■ **Action item**: In the data below, find the line containing "#239=VERTEX_POINT('',#238);", then set down that line and every later line up to and including the line containing "#249=CARTESIAN_POINT('',(39.9999999999999,0.,237.171508101416));", exactly.

+++ Supplied records

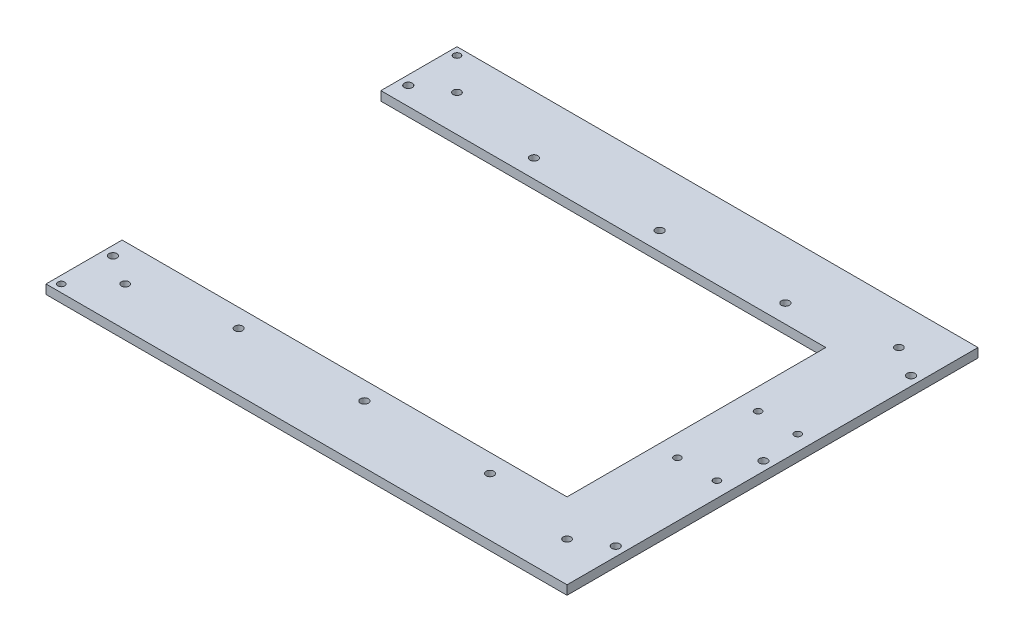
ISO-10303-21;
HEADER;
FILE_DESCRIPTION(('STEP AP214'),'2;1');
FILE_NAME('part.step','',(''),(''),'','','');
FILE_SCHEMA(('AUTOMOTIVE_DESIGN { 1 0 10303 214 1 1 1 1 }'));
ENDSEC;
DATA;
#1=APPLICATION_CONTEXT('core data for automotive mechanical design processes');
#2=APPLICATION_PROTOCOL_DEFINITION('international standard','automotive_design',2000,#1);
#3=PRODUCT_CONTEXT('',#1,'mechanical');
#4=PRODUCT('Part','Part','',(#3));
#5=PRODUCT_RELATED_PRODUCT_CATEGORY('part','',(#4));
#6=PRODUCT_DEFINITION_FORMATION('','',#4);
#7=PRODUCT_DEFINITION_CONTEXT('part definition',#1,'design');
#8=PRODUCT_DEFINITION('design','',#6,#7);
#9=PRODUCT_DEFINITION_SHAPE('','',#8);
#10=(LENGTH_UNIT() NAMED_UNIT(*) SI_UNIT(.MILLI.,.METRE.));
#11=(NAMED_UNIT(*) PLANE_ANGLE_UNIT() SI_UNIT($,.RADIAN.));
#12=(NAMED_UNIT(*) SI_UNIT($,.STERADIAN.) SOLID_ANGLE_UNIT());
#13=UNCERTAINTY_MEASURE_WITH_UNIT(LENGTH_MEASURE(1.E-05),#10,'distance_accuracy_value','');
#14=(GEOMETRIC_REPRESENTATION_CONTEXT(3) GLOBAL_UNCERTAINTY_ASSIGNED_CONTEXT((#13)) GLOBAL_UNIT_ASSIGNED_CONTEXT((#10,
#11,#12)) REPRESENTATION_CONTEXT('',''));
#15=CARTESIAN_POINT('',(0.,0.,0.));
#16=DIRECTION('',(0.,0.,1.));
#17=DIRECTION('',(1.,0.,0.));
#18=AXIS2_PLACEMENT_3D('',#15,#16,#17);
#19=CARTESIAN_POINT('',(0.,0.,0.));
#20=DIRECTION('',(0.,-1.,0.));
#21=DIRECTION('',(0.,0.,-1.));
#22=AXIS2_PLACEMENT_3D('',#19,#20,#21);
#23=PLANE('',#22);
#24=CARTESIAN_POINT('',(-286.3,0.,115.921508101416));
#25=DIRECTION('',(0.,1.,0.));
#26=DIRECTION('',(0.,0.,1.));
#27=AXIS2_PLACEMENT_3D('',#24,#25,#26);
#28=CIRCLE('',#27,2.59999999999999);
#29=CARTESIAN_POINT('',(-286.3,0.,118.521508101416));
#30=VERTEX_POINT('',#29);
#31=EDGE_CURVE('E597',#30,#30,#28,.T.);
#32=ORIENTED_EDGE('',*,*,#31,.T.);
#33=EDGE_LOOP('',(#32));
#34=FACE_BOUND('',#33,.T.);
#35=CARTESIAN_POINT('',(-203.725,0.,115.921508101416));
#36=DIRECTION('',(0.,1.,0.));
#37=DIRECTION('',(0.,0.,1.));
#38=AXIS2_PLACEMENT_3D('',#35,#36,#37);
#39=CIRCLE('',#38,2.59999999999999);
#40=CARTESIAN_POINT('',(-203.725,0.,118.521508101416));
#41=VERTEX_POINT('',#40);
#42=EDGE_CURVE('E607',#41,#41,#39,.T.);
#43=ORIENTED_EDGE('',*,*,#42,.T.);
#44=EDGE_LOOP('',(#43));
#45=FACE_BOUND('',#44,.T.);
#46=CARTESIAN_POINT('',(-121.15,0.,115.921508101416));
#47=DIRECTION('',(0.,1.,0.));
#48=DIRECTION('',(0.,0.,1.));
#49=AXIS2_PLACEMENT_3D('',#46,#47,#48);
#50=CIRCLE('',#49,2.6);
#51=CARTESIAN_POINT('',(-121.15,0.,118.521508101416));
#52=VERTEX_POINT('',#51);
#53=EDGE_CURVE('E613',#52,#52,#50,.T.);
#54=ORIENTED_EDGE('',*,*,#53,.T.);
#55=EDGE_LOOP('',(#54));
#56=FACE_BOUND('',#55,.T.);
#57=CARTESIAN_POINT('',(-38.575,0.,115.921508101416));
#58=DIRECTION('',(0.,1.,0.));
#59=DIRECTION('',(0.,0.,1.));
#60=AXIS2_PLACEMENT_3D('',#57,#58,#59);
#61=CIRCLE('',#60,2.6);
#62=CARTESIAN_POINT('',(-38.575,0.,118.521508101416));
#63=VERTEX_POINT('',#62);
#64=EDGE_CURVE('E619',#63,#63,#61,.T.);
#65=ORIENTED_EDGE('',*,*,#64,.T.);
#66=EDGE_LOOP('',(#65));
#67=FACE_BOUND('',#66,.T.);
#68=CARTESIAN_POINT('',(44.0000000000001,0.,115.921508101416));
#69=DIRECTION('',(0.,1.,0.));
#70=DIRECTION('',(0.,0.,1.));
#71=AXIS2_PLACEMENT_3D('',#68,#69,#70);
#72=CIRCLE('',#71,2.6);
#73=CARTESIAN_POINT('',(44.0000000000001,0.,118.521508101416));
#74=VERTEX_POINT('',#73);
#75=EDGE_CURVE('E625',#74,#74,#72,.T.);
#76=ORIENTED_EDGE('',*,*,#75,.T.);
#77=EDGE_LOOP('',(#76));
#78=FACE_BOUND('',#77,.T.);
#79=CARTESIAN_POINT('',(43.9999999999999,0.,309.921508101416));
#80=DIRECTION('',(0.,1.,0.));
#81=DIRECTION('',(0.,0.,1.));
#82=AXIS2_PLACEMENT_3D('',#79,#80,#81);
#83=CIRCLE('',#82,2.6);
#84=CARTESIAN_POINT('',(43.9999999999999,0.,312.521508101416));
#85=VERTEX_POINT('',#84);
#86=EDGE_CURVE('E631',#85,#85,#83,.T.);
#87=ORIENTED_EDGE('',*,*,#86,.T.);
#88=EDGE_LOOP('',(#87));
#89=FACE_BOUND('',#88,.T.);
#90=CARTESIAN_POINT('',(-38.5750000000001,0.,309.921508101416));
#91=DIRECTION('',(0.,1.,0.));
#92=DIRECTION('',(0.,0.,1.));
#93=AXIS2_PLACEMENT_3D('',#90,#91,#92);
#94=CIRCLE('',#93,2.6);
#95=CARTESIAN_POINT('',(-38.5750000000001,0.,312.521508101416));
#96=VERTEX_POINT('',#95);
#97=EDGE_CURVE('E637',#96,#96,#94,.T.);
#98=ORIENTED_EDGE('',*,*,#97,.T.);
#99=EDGE_LOOP('',(#98));
#100=FACE_BOUND('',#99,.T.);
#101=CARTESIAN_POINT('',(-121.15,0.,309.921508101416));
#102=DIRECTION('',(0.,1.,0.));
#103=DIRECTION('',(0.,0.,1.));
#104=AXIS2_PLACEMENT_3D('',#101,#102,#103);
#105=CIRCLE('',#104,2.6);
#106=CARTESIAN_POINT('',(-121.15,0.,312.521508101416));
#107=VERTEX_POINT('',#106);
#108=EDGE_CURVE('E643',#107,#107,#105,.T.);
#109=ORIENTED_EDGE('',*,*,#108,.T.);
#110=EDGE_LOOP('',(#109));
#111=FACE_BOUND('',#110,.T.);
#112=CARTESIAN_POINT('',(-203.725,0.,309.921508101416));
#113=DIRECTION('',(0.,1.,0.));
#114=DIRECTION('',(0.,0.,1.));
#115=AXIS2_PLACEMENT_3D('',#112,#113,#114);
#116=CIRCLE('',#115,2.59999999999999);
#117=CARTESIAN_POINT('',(-203.725,0.,312.521508101416));
#118=VERTEX_POINT('',#117);
#119=EDGE_CURVE('E649',#118,#118,#116,.T.);
#120=ORIENTED_EDGE('',*,*,#119,.T.);
#121=EDGE_LOOP('',(#120));
#122=FACE_BOUND('',#121,.T.);
#123=CARTESIAN_POINT('',(-286.3,0.,309.921508101416));
#124=DIRECTION('',(0.,1.,0.));
#125=DIRECTION('',(0.,0.,1.));
#126=AXIS2_PLACEMENT_3D('',#123,#124,#125);
#127=CIRCLE('',#126,2.59999999999999);
#128=CARTESIAN_POINT('',(-286.3,0.,312.521508101416));
#129=VERTEX_POINT('',#128);
#130=EDGE_CURVE('E655',#129,#129,#127,.T.);
#131=ORIENTED_EDGE('',*,*,#130,.T.);
#132=EDGE_LOOP('',(#131));
#133=FACE_BOUND('',#132,.T.);
#134=CARTESIAN_POINT('',(43.9999999999999,0.,212.921508101416));
#135=DIRECTION('',(0.,1.,0.));
#136=DIRECTION('',(0.,0.,1.));
#137=AXIS2_PLACEMENT_3D('',#134,#135,#136);
#138=CIRCLE('',#137,2.6);
#139=CARTESIAN_POINT('',(43.9999999999999,0.,215.521508101416));
#140=VERTEX_POINT('',#139);
#141=EDGE_CURVE('E210',#140,#140,#138,.T.);
#142=ORIENTED_EDGE('',*,*,#141,.T.);
#143=EDGE_LOOP('',(#142));
#144=FACE_BOUND('',#143,.T.);
#145=DIRECTION('',(0.,0.,1.));
#146=VECTOR('',#145,1.);
#147=CARTESIAN_POINT('',(-292.3,0.,77.9215081014159));
#148=LINE('',#147,#146);
#149=CARTESIAN_POINT('',(-292.3,0.,77.9215081014159));
#150=VERTEX_POINT('',#149);
#151=CARTESIAN_POINT('',(-292.3,0.,127.921508101416));
#152=VERTEX_POINT('',#151);
#153=EDGE_CURVE('E62',#150,#152,#148,.T.);
#154=ORIENTED_EDGE('',*,*,#153,.F.);
#155=DIRECTION('',(-1.,0.,0.));
#156=VECTOR('',#155,1.);
#157=CARTESIAN_POINT('',(-292.3,0.,77.9215081014159));
#158=LINE('',#157,#156);
#159=CARTESIAN_POINT('',(49.9999999999999,0.,77.9215081014159));
#160=VERTEX_POINT('',#159);
#161=EDGE_CURVE('E162',#160,#150,#158,.T.);
#162=ORIENTED_EDGE('',*,*,#161,.F.);
#163=DIRECTION('',(0.,0.,-1.));
#164=VECTOR('',#163,1.);
#165=CARTESIAN_POINT('',(49.9999999999999,0.,77.9215081014159));
#166=LINE('',#165,#164);
#167=CARTESIAN_POINT('',(49.9999999999999,0.,347.921508101416));
#168=VERTEX_POINT('',#167);
#169=EDGE_CURVE('E236',#168,#160,#166,.T.);
#170=ORIENTED_EDGE('',*,*,#169,.F.);
#171=DIRECTION('',(1.,0.,0.));
#172=VECTOR('',#171,1.);
#173=CARTESIAN_POINT('',(-292.3,0.,347.921508101416));
#174=LINE('',#173,#172);
#175=CARTESIAN_POINT('',(-292.3,0.,347.921508101416));
#176=VERTEX_POINT('',#175);
#177=EDGE_CURVE('E140',#176,#168,#174,.T.);
#178=ORIENTED_EDGE('',*,*,#177,.F.);
#179=DIRECTION('',(0.,0.,1.));
#180=VECTOR('',#179,1.);
#181=CARTESIAN_POINT('',(-292.3,0.,297.921508101416));
#182=LINE('',#181,#180);
#183=CARTESIAN_POINT('',(-292.3,0.,297.921508101416));
#184=VERTEX_POINT('',#183);
#185=EDGE_CURVE('E138',#184,#176,#182,.T.);
#186=ORIENTED_EDGE('',*,*,#185,.F.);
#187=DIRECTION('',(-1.,0.,0.));
#188=VECTOR('',#187,1.);
#189=CARTESIAN_POINT('',(-292.3,0.,297.921508101416));
#190=LINE('',#189,#188);
#191=CARTESIAN_POINT('',(-2.22044604925031E-13,0.,297.921508101416));
#192=VERTEX_POINT('',#191);
#193=EDGE_CURVE('E126',#192,#184,#190,.T.);
#194=ORIENTED_EDGE('',*,*,#193,.F.);
#195=DIRECTION('',(0.,0.,1.));
#196=VECTOR('',#195,1.);
#197=CARTESIAN_POINT('',(-2.22044604925031E-13,0.,127.921508101416));
#198=LINE('',#197,#196);
#199=CARTESIAN_POINT('',(-2.22044604925031E-13,0.,127.921508101416));
#200=VERTEX_POINT('',#199);
#201=EDGE_CURVE('E117',#200,#192,#198,.T.);
#202=ORIENTED_EDGE('',*,*,#201,.F.);
#203=DIRECTION('',(1.,0.,0.));
#204=VECTOR('',#203,1.);
#205=CARTESIAN_POINT('',(-292.3,0.,127.921508101416));
#206=LINE('',#205,#204);
#207=EDGE_CURVE('E125',#152,#200,#206,.T.);
#208=ORIENTED_EDGE('',*,*,#207,.F.);
#209=EDGE_LOOP('',(#154,#162,#170,#178,#186,#194,#202,#208));
#210=FACE_BOUND('',#209,.T.);
#211=CARTESIAN_POINT('',(39.9999999999999,0.,186.421508101416));
#212=DIRECTION('',(0.,-1.,0.));
#213=DIRECTION('',(0.,0.,-1.));
#214=AXIS2_PLACEMENT_3D('',#211,#212,#213);
#215=CIRCLE('',#214,2.25);
#216=CARTESIAN_POINT('',(39.9999999999999,0.,184.171508101416));
#217=VERTEX_POINT('',#216);
#218=EDGE_CURVE('E212',#217,#217,#215,.F.);
#219=ORIENTED_EDGE('',*,*,#218,.T.);
#220=EDGE_LOOP('',(#219));
#221=FACE_BOUND('',#220,.T.);
#222=CARTESIAN_POINT('',(13.9999999999999,0.,239.421508101416));
#223=DIRECTION('',(0.,-1.,0.));
#224=DIRECTION('',(0.,0.,-1.));
#225=AXIS2_PLACEMENT_3D('',#222,#223,#224);
#226=CIRCLE('',#225,2.25);
#227=CARTESIAN_POINT('',(13.9999999999999,0.,237.171508101416));
#228=VERTEX_POINT('',#227);
#229=EDGE_CURVE('E206',#228,#228,#226,.F.);
#230=ORIENTED_EDGE('',*,*,#229,.T.);
#231=EDGE_LOOP('',(#230));
#232=FACE_BOUND('',#231,.T.);
#233=CARTESIAN_POINT('',(13.9999999999999,0.,186.421508101416));
#234=DIRECTION('',(0.,-1.,0.));
#235=DIRECTION('',(0.,0.,-1.));
#236=AXIS2_PLACEMENT_3D('',#233,#234,#235);
#237=CIRCLE('',#236,2.25);
#238=CARTESIAN_POINT('',(13.9999999999999,0.,184.171508101416));
#239=VERTEX_POINT('',#238);
#240=EDGE_CURVE('E209',#239,#239,#237,.F.);
#241=ORIENTED_EDGE('',*,*,#240,.T.);
#242=EDGE_LOOP('',(#241));
#243=FACE_BOUND('',#242,.T.);
#244=CARTESIAN_POINT('',(39.9999999999999,0.,239.421508101416));
#245=DIRECTION('',(0.,-1.,0.));
#246=DIRECTION('',(0.,0.,-1.));
#247=AXIS2_PLACEMENT_3D('',#244,#245,#246);
#248=CIRCLE('',#247,2.25);
#249=CARTESIAN_POINT('',(39.9999999999999,0.,237.171508101416));
#250=VERTEX_POINT('',#249);
#251=EDGE_CURVE('E47',#250,#250,#248,.F.);
#252=ORIENTED_EDGE('',*,*,#251,.T.);
#253=EDGE_LOOP('',(#252));
#254=FACE_BOUND('',#253,.T.);
#255=CARTESIAN_POINT('',(-287.3,0.,342.921508101416));
#256=DIRECTION('',(0.,-1.,0.));
#257=DIRECTION('',(0.,0.,-1.));
#258=AXIS2_PLACEMENT_3D('',#255,#256,#257);
#259=CIRCLE('',#258,2.24999999999996);
#260=CARTESIAN_POINT('',(-287.3,0.,340.671508101416));
#261=VERTEX_POINT('',#260);
#262=EDGE_CURVE('E201',#261,#261,#259,.T.);
#263=ORIENTED_EDGE('',*,*,#262,.F.);
#264=EDGE_LOOP('',(#263));
#265=FACE_BOUND('',#264,.T.);
#266=CARTESIAN_POINT('',(-266.3,0.,321.921508101416));
#267=DIRECTION('',(0.,1.,0.));
#268=DIRECTION('',(0.,0.,1.));
#269=AXIS2_PLACEMENT_3D('',#266,#267,#268);
#270=CIRCLE('',#269,2.49999999999991);
#271=CARTESIAN_POINT('',(-266.3,0.,324.421508101416));
#272=VERTEX_POINT('',#271);
#273=EDGE_CURVE('E168',#272,#272,#270,.T.);
#274=ORIENTED_EDGE('',*,*,#273,.T.);
#275=EDGE_LOOP('',(#274));
#276=FACE_BOUND('',#275,.T.);
#277=CARTESIAN_POINT('',(23.9999999999999,0.,321.921508101416));
#278=DIRECTION('',(0.,1.,0.));
#279=DIRECTION('',(0.,0.,1.));
#280=AXIS2_PLACEMENT_3D('',#277,#278,#279);
#281=CIRCLE('',#280,2.49999999999991);
#282=CARTESIAN_POINT('',(23.9999999999999,0.,324.421508101416));
#283=VERTEX_POINT('',#282);
#284=EDGE_CURVE('E174',#283,#283,#281,.T.);
#285=ORIENTED_EDGE('',*,*,#284,.T.);
#286=EDGE_LOOP('',(#285));
#287=FACE_BOUND('',#286,.T.);
#288=CARTESIAN_POINT('',(-287.3,0.,82.9215081014159));
#289=DIRECTION('',(0.,-1.,0.));
#290=DIRECTION('',(0.,0.,-1.));
#291=AXIS2_PLACEMENT_3D('',#288,#289,#290);
#292=CIRCLE('',#291,2.25000000000001);
#293=CARTESIAN_POINT('',(-287.3,0.,80.6715081014158));
#294=VERTEX_POINT('',#293);
#295=EDGE_CURVE('E53',#294,#294,#292,.T.);
#296=ORIENTED_EDGE('',*,*,#295,.F.);
#297=EDGE_LOOP('',(#296));
#298=FACE_BOUND('',#297,.T.);
#299=CARTESIAN_POINT('',(23.9999999999999,0.,103.921508101416));
#300=DIRECTION('',(0.,1.,0.));
#301=DIRECTION('',(0.,0.,1.));
#302=AXIS2_PLACEMENT_3D('',#299,#300,#301);
#303=CIRCLE('',#302,2.49999999999991);
#304=CARTESIAN_POINT('',(23.9999999999999,0.,106.421508101416));
#305=VERTEX_POINT('',#304);
#306=EDGE_CURVE('E171',#305,#305,#303,.T.);
#307=ORIENTED_EDGE('',*,*,#306,.T.);
#308=EDGE_LOOP('',(#307));
#309=FACE_BOUND('',#308,.T.);
#310=CARTESIAN_POINT('',(-266.3,0.,103.921508101416));
#311=DIRECTION('',(0.,1.,0.));
#312=DIRECTION('',(0.,0.,1.));
#313=AXIS2_PLACEMENT_3D('',#310,#311,#312);
#314=CIRCLE('',#313,2.49999999999991);
#315=CARTESIAN_POINT('',(-266.3,0.,106.421508101416));
#316=VERTEX_POINT('',#315);
#317=EDGE_CURVE('E146',#316,#316,#314,.T.);
#318=ORIENTED_EDGE('',*,*,#317,.T.);
#319=EDGE_LOOP('',(#318));
#320=FACE_BOUND('',#319,.T.);
#321=ADVANCED_FACE('F43',(#34,#45,#56,#67,#78,#89,#100,#111,#122,#133,#144,#210,#221,#232,#243,
#254,#265,#276,#287,#298,#309,#320),#23,.T.);
#322=CARTESIAN_POINT('',(-292.3,6.,127.921508101416));
#323=DIRECTION('',(0.,0.,-1.));
#324=DIRECTION('',(-1.,0.,0.));
#325=AXIS2_PLACEMENT_3D('',#322,#323,#324);
#326=PLANE('',#325);
#327=ORIENTED_EDGE('',*,*,#207,.T.);
#328=DIRECTION('',(0.,-1.,0.));
#329=VECTOR('',#328,1.);
#330=CARTESIAN_POINT('',(-2.22044604925031E-13,6.,127.921508101416));
#331=LINE('',#330,#329);
#332=CARTESIAN_POINT('',(-2.22044604925031E-13,6.,127.921508101416));
#333=VERTEX_POINT('',#332);
#334=EDGE_CURVE('E123',#333,#200,#331,.T.);
#335=ORIENTED_EDGE('',*,*,#334,.F.);
#336=DIRECTION('',(1.,0.,0.));
#337=VECTOR('',#336,1.);
#338=CARTESIAN_POINT('',(-292.3,6.,127.921508101416));
#339=LINE('',#338,#337);
#340=CARTESIAN_POINT('',(-292.3,6.,127.921508101416));
#341=VERTEX_POINT('',#340);
#342=EDGE_CURVE('E91',#341,#333,#339,.T.);
#343=ORIENTED_EDGE('',*,*,#342,.F.);
#344=DIRECTION('',(0.,-1.,0.));
#345=VECTOR('',#344,1.);
#346=CARTESIAN_POINT('',(-292.3,6.,127.921508101416));
#347=LINE('',#346,#345);
#348=EDGE_CURVE('E216',#341,#152,#347,.T.);
#349=ORIENTED_EDGE('',*,*,#348,.T.);
#350=EDGE_LOOP('',(#327,#335,#343,#349));
#351=FACE_BOUND('',#350,.T.);
#352=ADVANCED_FACE('F261',(#351),#326,.F.);
#353=CARTESIAN_POINT('',(-2.22044604925031E-13,6.,127.921508101416));
#354=DIRECTION('',(1.,0.,0.));
#355=DIRECTION('',(0.,0.,-1.));
#356=AXIS2_PLACEMENT_3D('',#353,#354,#355);
#357=PLANE('',#356);
#358=ORIENTED_EDGE('',*,*,#201,.T.);
#359=DIRECTION('',(0.,-1.,0.));
#360=VECTOR('',#359,1.);
#361=CARTESIAN_POINT('',(-2.22044604925031E-13,6.,297.921508101416));
#362=LINE('',#361,#360);
#363=CARTESIAN_POINT('',(-2.22044604925031E-13,6.,297.921508101416));
#364=VERTEX_POINT('',#363);
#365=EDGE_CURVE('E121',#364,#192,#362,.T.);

++++++

■ **Output**:
#239=VERTEX_POINT('',#238);
#240=EDGE_CURVE('E209',#239,#239,#237,.F.);
#241=ORIENTED_EDGE('',*,*,#240,.T.);
#242=EDGE_LOOP('',(#241));
#243=FACE_BOUND('',#242,.T.);
#244=CARTESIAN_POINT('',(39.9999999999999,0.,239.421508101416));
#245=DIRECTION('',(0.,-1.,0.));
#246=DIRECTION('',(0.,0.,-1.));
#247=AXIS2_PLACEMENT_3D('',#244,#245,#246);
#248=CIRCLE('',#247,2.25);
#249=CARTESIAN_POINT('',(39.9999999999999,0.,237.171508101416));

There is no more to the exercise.